By Ed Wendell
On a frigid night in February 1921, Professor Wilfred Phineas Kotkov got off the train at Boyd Avenue (88th Street) and cut across the empty lot at the corner of Benedict (87th Street) and Liberty to get to his home where he lived with his wife and two children.
Loitering beneath the station steps, four young men lay in wait with robbery and mayhem in their minds, waiting for someone who appeared prosperous enough to rob. When the professor crossed their path, they drifted behind and followed him across the dark, empty lot.
The young toughs attacked from behind and the 36-year-old professor of philosophy at the Jewish Theological Seminary in Manhattan was no match for them. Blow after blow rained down on the fallen man’s head.
When they emptied his pockets, they found that Kotkov had just a few coins and had to settle for his horn-rimmed glasses, fountain pen and gold watch before fleeing.
When police arrived at the scene, they found Kotkov lying face down in the snow, a bloody iron bedpost at his side. He was rushed to Mary Immaculate Hospital in Jamaica where he lay in a coma.
The four young men had been spotted fleeing the scene and witnesses pointed out 2 of them loitering nearby. Police quickly apprehended Peter Nunziata and Joseph Alfano of Brooklyn and dragged them to the precinct.
The two men quickly confessed and gave up the rest of their gang, Frank Cassesso of Brooklyn and Alphonso “The Turk” Verona of Woodhaven. When Professor Kotkov died, the assault and robbery charges were upgraded to murder.
There were immediate calls for swift justice; newspaper editorials called for the ultimate retribution – the electric chair. And the wheels of justice were indeed swift.
Within a week, indictments were handed down and by the first week of April, just over 5 weeks after the attack, the trial of Peter Nunziata began. The 17-year-old was the youngest of the four attackers and a cool customer in court, often seen yawning during testimony.
A witness told how she watched from her kitchen window as the young men chased Professor Kotkov down and beat him. The Professor’s widow told the jury about the dreams of a happy life that had been shattered; she fainted in court when shown her late husband’s glasses and fountain pen, which had been a gift from her on his last birthday.
Nunziata’s legal defense was a vigorous one. His lawyer, Edward Reilly (who would later defend Bruno Hauptmann), declared that it was Verona of Woodhaven who killed Dr. Kotkov. He also claimed that Verona induced his client to go out on this fatal errand by intoxicating him with liquor.

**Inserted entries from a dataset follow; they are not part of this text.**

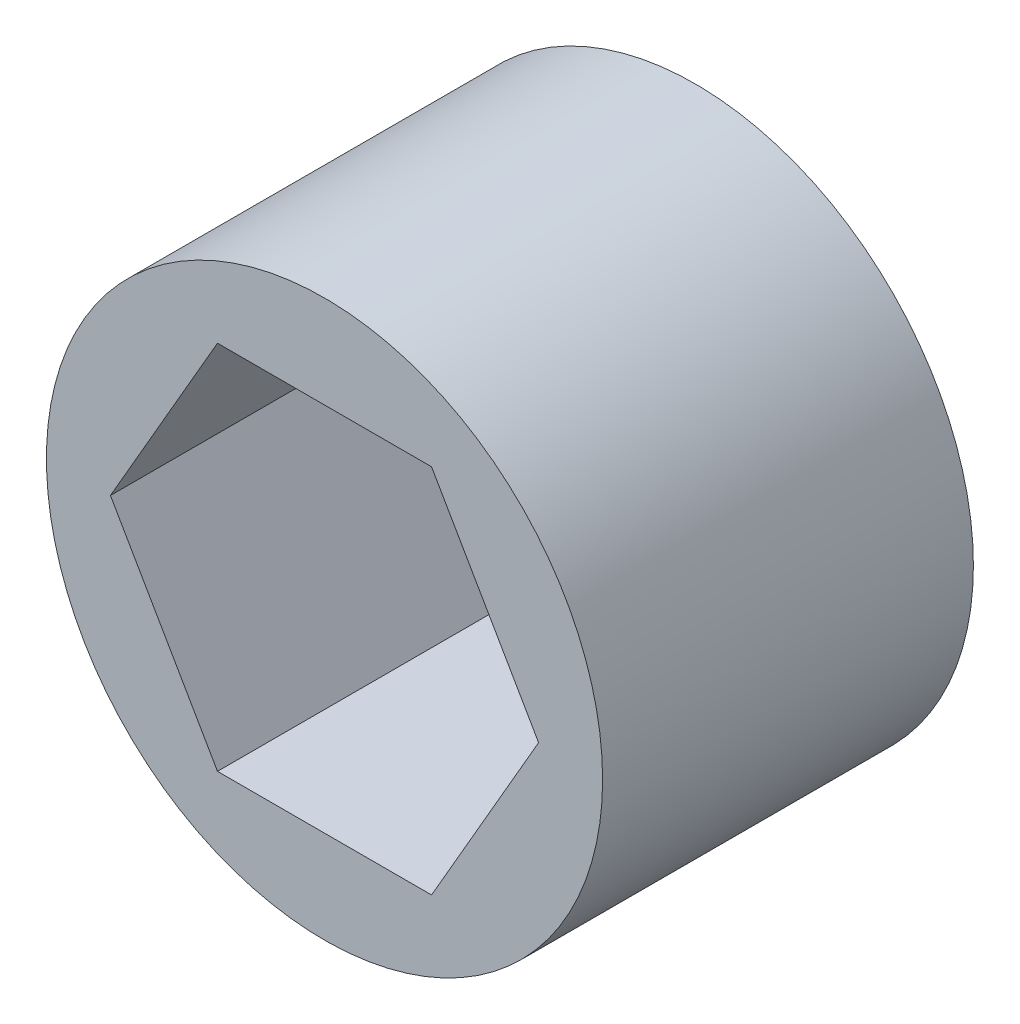
ISO-10303-21;
HEADER;
FILE_DESCRIPTION(('STEP AP214'),'2;1');
FILE_NAME('part.step','',(''),(''),'','','');
FILE_SCHEMA(('AUTOMOTIVE_DESIGN { 1 0 10303 214 1 1 1 1 }'));
ENDSEC;
DATA;
#1=APPLICATION_CONTEXT('core data for automotive mechanical design processes');
#2=APPLICATION_PROTOCOL_DEFINITION('international standard','automotive_design',2000,#1);
#3=PRODUCT_CONTEXT('',#1,'mechanical');
#4=PRODUCT('Part','Part','',(#3));
#5=PRODUCT_RELATED_PRODUCT_CATEGORY('part','',(#4));
#6=PRODUCT_DEFINITION_FORMATION('','',#4);
#7=PRODUCT_DEFINITION_CONTEXT('part definition',#1,'design');
#8=PRODUCT_DEFINITION('design','',#6,#7);
#9=PRODUCT_DEFINITION_SHAPE('','',#8);
#10=(LENGTH_UNIT() NAMED_UNIT(*) SI_UNIT(.MILLI.,.METRE.));
#11=(NAMED_UNIT(*) PLANE_ANGLE_UNIT() SI_UNIT($,.RADIAN.));
#12=(NAMED_UNIT(*) SI_UNIT($,.STERADIAN.) SOLID_ANGLE_UNIT());
#13=UNCERTAINTY_MEASURE_WITH_UNIT(LENGTH_MEASURE(1.E-05),#10,'distance_accuracy_value','');
#14=(GEOMETRIC_REPRESENTATION_CONTEXT(3) GLOBAL_UNCERTAINTY_ASSIGNED_CONTEXT((#13)) GLOBAL_UNIT_ASSIGNED_CONTEXT((#10,
#11,#12)) REPRESENTATION_CONTEXT('',''));
#15=CARTESIAN_POINT('',(0.,0.,0.));
#16=DIRECTION('',(0.,0.,1.));
#17=DIRECTION('',(1.,0.,0.));
#18=AXIS2_PLACEMENT_3D('',#15,#16,#17);
#19=CARTESIAN_POINT('',(0.,0.,12.7));
#20=DIRECTION('',(0.,0.,1.));
#21=DIRECTION('',(1.,0.,0.));
#22=AXIS2_PLACEMENT_3D('',#19,#20,#21);
#23=PLANE('',#22);
#24=CARTESIAN_POINT('',(0.,0.,12.7));
#25=DIRECTION('',(0.,0.,1.));
#26=DIRECTION('',(1.,0.,0.));
#27=AXIS2_PLACEMENT_3D('',#24,#25,#26);
#28=CIRCLE('',#27,9.525);
#29=CARTESIAN_POINT('',(9.525,0.,12.7));
#30=VERTEX_POINT('',#29);
#31=EDGE_CURVE('E11',#30,#30,#28,.T.);
#32=ORIENTED_EDGE('',*,*,#31,.T.);
#33=EDGE_LOOP('',(#32));
#34=FACE_BOUND('',#33,.T.);
#35=DIRECTION('',(-1.,0.,0.));
#36=VECTOR('',#35,1.);
#37=CARTESIAN_POINT('',(3.66617420935412,6.35,12.7));
#38=LINE('',#37,#36);
#39=CARTESIAN_POINT('',(3.66617420935412,6.35,12.7));
#40=VERTEX_POINT('',#39);
#41=CARTESIAN_POINT('',(-3.66617420935412,6.35,12.7));
#42=VERTEX_POINT('',#41);
#43=EDGE_CURVE('E98',#40,#42,#38,.T.);
#44=ORIENTED_EDGE('',*,*,#43,.F.);
#45=DIRECTION('',(-0.5,0.866025403784439,0.));
#46=VECTOR('',#45,1.);
#47=CARTESIAN_POINT('',(7.33234841870825,0.,12.7));
#48=LINE('',#47,#46);
#49=CARTESIAN_POINT('',(7.33234841870825,0.,12.7));
#50=VERTEX_POINT('',#49);
#51=EDGE_CURVE('E90',#50,#40,#48,.T.);
#52=ORIENTED_EDGE('',*,*,#51,.F.);
#53=DIRECTION('',(0.5,0.866025403784439,0.));
#54=VECTOR('',#53,1.);
#55=CARTESIAN_POINT('',(3.66617420935412,-6.35,12.7));
#56=LINE('',#55,#54);
#57=CARTESIAN_POINT('',(3.66617420935412,-6.35,12.7));
#58=VERTEX_POINT('',#57);
#59=EDGE_CURVE('E118',#58,#50,#56,.T.);
#60=ORIENTED_EDGE('',*,*,#59,.F.);
#61=DIRECTION('',(1.,0.,0.));
#62=VECTOR('',#61,1.);
#63=CARTESIAN_POINT('',(-3.66617420935412,-6.35,12.7));
#64=LINE('',#63,#62);
#65=CARTESIAN_POINT('',(-3.66617420935412,-6.35,12.7));
#66=VERTEX_POINT('',#65);
#67=EDGE_CURVE('E116',#66,#58,#64,.T.);
#68=ORIENTED_EDGE('',*,*,#67,.F.);
#69=DIRECTION('',(0.5,-0.866025403784439,0.));
#70=VECTOR('',#69,1.);
#71=CARTESIAN_POINT('',(-7.33234841870824,0.,12.7));
#72=LINE('',#71,#70);
#73=CARTESIAN_POINT('',(-7.33234841870824,0.,12.7));
#74=VERTEX_POINT('',#73);
#75=EDGE_CURVE('E112',#74,#66,#72,.T.);
#76=ORIENTED_EDGE('',*,*,#75,.F.);
#77=DIRECTION('',(-0.5,-0.866025403784439,0.));
#78=VECTOR('',#77,1.);
#79=CARTESIAN_POINT('',(-3.66617420935412,6.35,12.7));
#80=LINE('',#79,#78);
#81=EDGE_CURVE('E110',#42,#74,#80,.T.);
#82=ORIENTED_EDGE('',*,*,#81,.F.);
#83=EDGE_LOOP('',(#44,#52,#60,#68,#76,#82));
#84=FACE_BOUND('',#83,.T.);
#85=ADVANCED_FACE('F37',(#34,#84),#23,.T.);
#86=CARTESIAN_POINT('',(0.,0.,0.));
#87=DIRECTION('',(0.,0.,1.));
#88=DIRECTION('',(1.,0.,0.));
#89=AXIS2_PLACEMENT_3D('',#86,#87,#88);
#90=PLANE('',#89);
#91=CARTESIAN_POINT('',(0.,0.,0.));
#92=DIRECTION('',(0.,0.,1.));
#93=DIRECTION('',(1.,0.,0.));
#94=AXIS2_PLACEMENT_3D('',#91,#92,#93);
#95=CIRCLE('',#94,9.525);
#96=CARTESIAN_POINT('',(9.525,0.,0.));
#97=VERTEX_POINT('',#96);
#98=EDGE_CURVE('E41',#97,#97,#95,.T.);
#99=ORIENTED_EDGE('',*,*,#98,.F.);
#100=EDGE_LOOP('',(#99));
#101=FACE_BOUND('',#100,.T.);
#102=DIRECTION('',(-0.5,0.866025403784439,0.));
#103=VECTOR('',#102,1.);
#104=CARTESIAN_POINT('',(7.33234841870825,0.,0.));
#105=LINE('',#104,#103);
#106=CARTESIAN_POINT('',(7.33234841870825,0.,0.));
#107=VERTEX_POINT('',#106);
#108=CARTESIAN_POINT('',(3.66617420935412,6.35,0.));
#109=VERTEX_POINT('',#108);
#110=EDGE_CURVE('E60',#107,#109,#105,.T.);
#111=ORIENTED_EDGE('',*,*,#110,.T.);
#112=DIRECTION('',(-1.,0.,0.));
#113=VECTOR('',#112,1.);
#114=CARTESIAN_POINT('',(3.66617420935412,6.35,0.));
#115=LINE('',#114,#113);
#116=CARTESIAN_POINT('',(-3.66617420935412,6.35,0.));
#117=VERTEX_POINT('',#116);
#118=EDGE_CURVE('E105',#109,#117,#115,.T.);
#119=ORIENTED_EDGE('',*,*,#118,.T.);
#120=DIRECTION('',(-0.5,-0.866025403784439,0.));
#121=VECTOR('',#120,1.);
#122=CARTESIAN_POINT('',(-3.66617420935412,6.35,0.));
#123=LINE('',#122,#121);
#124=CARTESIAN_POINT('',(-7.33234841870824,0.,0.));
#125=VERTEX_POINT('',#124);
#126=EDGE_CURVE('E122',#117,#125,#123,.T.);
#127=ORIENTED_EDGE('',*,*,#126,.T.);
#128=DIRECTION('',(0.5,-0.866025403784439,0.));
#129=VECTOR('',#128,1.);
#130=CARTESIAN_POINT('',(-7.33234841870824,0.,0.));
#131=LINE('',#130,#129);
#132=CARTESIAN_POINT('',(-3.66617420935412,-6.35,0.));
#133=VERTEX_POINT('',#132);
#134=EDGE_CURVE('E125',#125,#133,#131,.T.);
#135=ORIENTED_EDGE('',*,*,#134,.T.);
#136=DIRECTION('',(1.,0.,0.));
#137=VECTOR('',#136,1.);
#138=CARTESIAN_POINT('',(-3.66617420935412,-6.35,0.));
#139=LINE('',#138,#137);
#140=CARTESIAN_POINT('',(3.66617420935412,-6.35,0.));
#141=VERTEX_POINT('',#140);
#142=EDGE_CURVE('E128',#133,#141,#139,.T.);
#143=ORIENTED_EDGE('',*,*,#142,.T.);
#144=DIRECTION('',(0.5,0.866025403784439,0.));
#145=VECTOR('',#144,1.);
#146=CARTESIAN_POINT('',(3.66617420935412,-6.35,0.));
#147=LINE('',#146,#145);
#148=EDGE_CURVE('E99',#141,#107,#147,.T.);
#149=ORIENTED_EDGE('',*,*,#148,.T.);
#150=EDGE_LOOP('',(#111,#119,#127,#135,#143,#149));
#151=FACE_BOUND('',#150,.T.);
#152=ADVANCED_FACE('F145',(#101,#151),#90,.F.);
#153=CARTESIAN_POINT('',(0.,0.,12.7));
#154=DIRECTION('',(0.,0.,-1.));
#155=DIRECTION('',(-1.,0.,0.));
#156=AXIS2_PLACEMENT_3D('',#153,#154,#155);
#157=CYLINDRICAL_SURFACE('',#156,9.525);
#158=ORIENTED_EDGE('',*,*,#31,.F.);
#159=EDGE_LOOP('',(#158));
#160=FACE_BOUND('',#159,.T.);
#161=ORIENTED_EDGE('',*,*,#98,.T.);
#162=EDGE_LOOP('',(#161));
#163=FACE_BOUND('',#162,.T.);
#164=ADVANCED_FACE('F39',(#160,#163),#157,.T.);
#165=CARTESIAN_POINT('',(7.33234841870825,0.,12.7));
#166=DIRECTION('',(-0.866025403784439,-0.5,0.));
#167=DIRECTION('',(0.5,-0.866025403784439,0.));
#168=AXIS2_PLACEMENT_3D('',#165,#166,#167);
#169=PLANE('',#168);
#170=ORIENTED_EDGE('',*,*,#110,.F.);
#171=DIRECTION('',(0.,0.,-1.));
#172=VECTOR('',#171,1.);
#173=CARTESIAN_POINT('',(7.33234841870825,0.,12.7));
#174=LINE('',#173,#172);
#175=EDGE_CURVE('E94',#50,#107,#174,.T.);
#176=ORIENTED_EDGE('',*,*,#175,.F.);
#177=ORIENTED_EDGE('',*,*,#51,.T.);
#178=DIRECTION('',(0.,0.,-1.));
#179=VECTOR('',#178,1.);
#180=CARTESIAN_POINT('',(3.66617420935412,6.35,12.7));
#181=LINE('',#180,#179);
#182=EDGE_CURVE('E93',#40,#109,#181,.T.);
#183=ORIENTED_EDGE('',*,*,#182,.T.);
#184=EDGE_LOOP('',(#170,#176,#177,#183));
#185=FACE_BOUND('',#184,.T.);
#186=ADVANCED_FACE('F92',(#185),#169,.T.);
#187=CARTESIAN_POINT('',(3.66617420935412,6.35,12.7));
#188=DIRECTION('',(0.,-1.,0.));
#189=DIRECTION('',(1.,0.,0.));
#190=AXIS2_PLACEMENT_3D('',#187,#188,#189);
#191=PLANE('',#190);
#192=ORIENTED_EDGE('',*,*,#118,.F.);
#193=ORIENTED_EDGE('',*,*,#182,.F.);
#194=ORIENTED_EDGE('',*,*,#43,.T.);
#195=DIRECTION('',(0.,0.,-1.));
#196=VECTOR('',#195,1.);
#197=CARTESIAN_POINT('',(-3.66617420935412,6.35,12.7));
#198=LINE('',#197,#196);
#199=EDGE_CURVE('E106',#42,#117,#198,.T.);
#200=ORIENTED_EDGE('',*,*,#199,.T.);
#201=EDGE_LOOP('',(#192,#193,#194,#200));
#202=FACE_BOUND('',#201,.T.);
#203=ADVANCED_FACE('F102',(#202),#191,.T.);
#204=CARTESIAN_POINT('',(-3.66617420935412,6.35,12.7));
#205=DIRECTION('',(0.866025403784439,-0.5,0.));
#206=DIRECTION('',(0.5,0.866025403784439,0.));
#207=AXIS2_PLACEMENT_3D('',#204,#205,#206);
#208=PLANE('',#207);
#209=ORIENTED_EDGE('',*,*,#126,.F.);
#210=ORIENTED_EDGE('',*,*,#199,.F.);
#211=ORIENTED_EDGE('',*,*,#81,.T.);
#212=DIRECTION('',(0.,0.,-1.));
#213=VECTOR('',#212,1.);
#214=CARTESIAN_POINT('',(-7.33234841870824,0.,12.7));
#215=LINE('',#214,#213);
#216=EDGE_CURVE('E137',#74,#125,#215,.T.);
#217=ORIENTED_EDGE('',*,*,#216,.T.);
#218=EDGE_LOOP('',(#209,#210,#211,#217));
#219=FACE_BOUND('',#218,.T.);
#220=ADVANCED_FACE('F141',(#219),#208,.T.);
#221=CARTESIAN_POINT('',(-7.33234841870824,0.,12.7));
#222=DIRECTION('',(0.866025403784439,0.5,0.));
#223=DIRECTION('',(-0.5,0.866025403784439,0.));
#224=AXIS2_PLACEMENT_3D('',#221,#222,#223);
#225=PLANE('',#224);
#226=ORIENTED_EDGE('',*,*,#134,.F.);
#227=ORIENTED_EDGE('',*,*,#216,.F.);
#228=ORIENTED_EDGE('',*,*,#75,.T.);
#229=DIRECTION('',(0.,0.,-1.));
#230=VECTOR('',#229,1.);
#231=CARTESIAN_POINT('',(-3.66617420935412,-6.35,12.7));
#232=LINE('',#231,#230);
#233=EDGE_CURVE('E135',#66,#133,#232,.T.);
#234=ORIENTED_EDGE('',*,*,#233,.T.);
#235=EDGE_LOOP('',(#226,#227,#228,#234));
#236=FACE_BOUND('',#235,.T.);
#237=ADVANCED_FACE('F153',(#236),#225,.T.);
#238=CARTESIAN_POINT('',(-3.66617420935412,-6.35,12.7));
#239=DIRECTION('',(0.,1.,0.));
#240=DIRECTION('',(0.,0.,1.));
#241=AXIS2_PLACEMENT_3D('',#238,#239,#240);
#242=PLANE('',#241);
#243=ORIENTED_EDGE('',*,*,#142,.F.);
#244=ORIENTED_EDGE('',*,*,#233,.F.);
#245=ORIENTED_EDGE('',*,*,#67,.T.);
#246=DIRECTION('',(0.,0.,-1.));
#247=VECTOR('',#246,1.);
#248=CARTESIAN_POINT('',(3.66617420935412,-6.35,12.7));
#249=LINE('',#248,#247);
#250=EDGE_CURVE('E52',#58,#141,#249,.T.);
#251=ORIENTED_EDGE('',*,*,#250,.T.);
#252=EDGE_LOOP('',(#243,#244,#245,#251));
#253=FACE_BOUND('',#252,.T.);
#254=ADVANCED_FACE('F151',(#253),#242,.T.);
#255=CARTESIAN_POINT('',(3.66617420935412,-6.35,12.7));
#256=DIRECTION('',(-0.866025403784439,0.5,0.));
#257=DIRECTION('',(-0.5,-0.866025403784439,0.));
#258=AXIS2_PLACEMENT_3D('',#255,#256,#257);
#259=PLANE('',#258);
#260=ORIENTED_EDGE('',*,*,#148,.F.);
#261=ORIENTED_EDGE('',*,*,#250,.F.);
#262=ORIENTED_EDGE('',*,*,#59,.T.);
#263=ORIENTED_EDGE('',*,*,#175,.T.);
#264=EDGE_LOOP('',(#260,#261,#262,#263));
#265=FACE_BOUND('',#264,.T.);
#266=ADVANCED_FACE('F147',(#265),#259,.T.);
#267=CLOSED_SHELL('',(#85,#152,#164,#186,#203,#220,#237,#254,#266));
#268=MANIFOLD_SOLID_BREP('B2',#267);
#269=ADVANCED_BREP_SHAPE_REPRESENTATION('',(#18,#268),#14);
#270=SHAPE_DEFINITION_REPRESENTATION(#9,#269);
ENDSEC;
END-ISO-10303-21;

When it seemed that this argument was not persuading the jury, Reilly shifted gears and claimed that his client’s confession was beaten out of him by the police and that he was just in the wrong place at the wrong time.
“The detectives bungled this case, jumped to conclusions and then presented their facts to the District Attorney,” Reilly said in his summation, “It is your duty to acquit this defendant.”
But this failed to persuade the jury as they deliberated for less than an hour before coming back with a verdict of guilty. Nunziata sat unmoved as the verdict was read and as the judge explained to the young man that he would soon face death in the electric chair.
The judge set the date of execution as June 5th, about 6 weeks away. The attack, the investigation, the indictment, the trial, the deliberation and the sentencing all took place within a 105-day window. The public demanded swift justice, and they received it.
Peter Nunziata was the youngest person ever sentenced to death in New York and he received the sentence without flinching. He was escorted out of the courtroom to a car waiting to drive him to death row in Sing Sing, where “Old Sparky” was waiting.
Next week we will find out what happened to Peter Nunziata and the other defendants in the trial of the murder of Professor Wilfred Kotkov of Woodhaven.
PS Some of you may have noticed that Professor Kotkov’s home and the site of the attack are in Ozone Park. But keep in mind that in those days, that was still considered Woodhaven.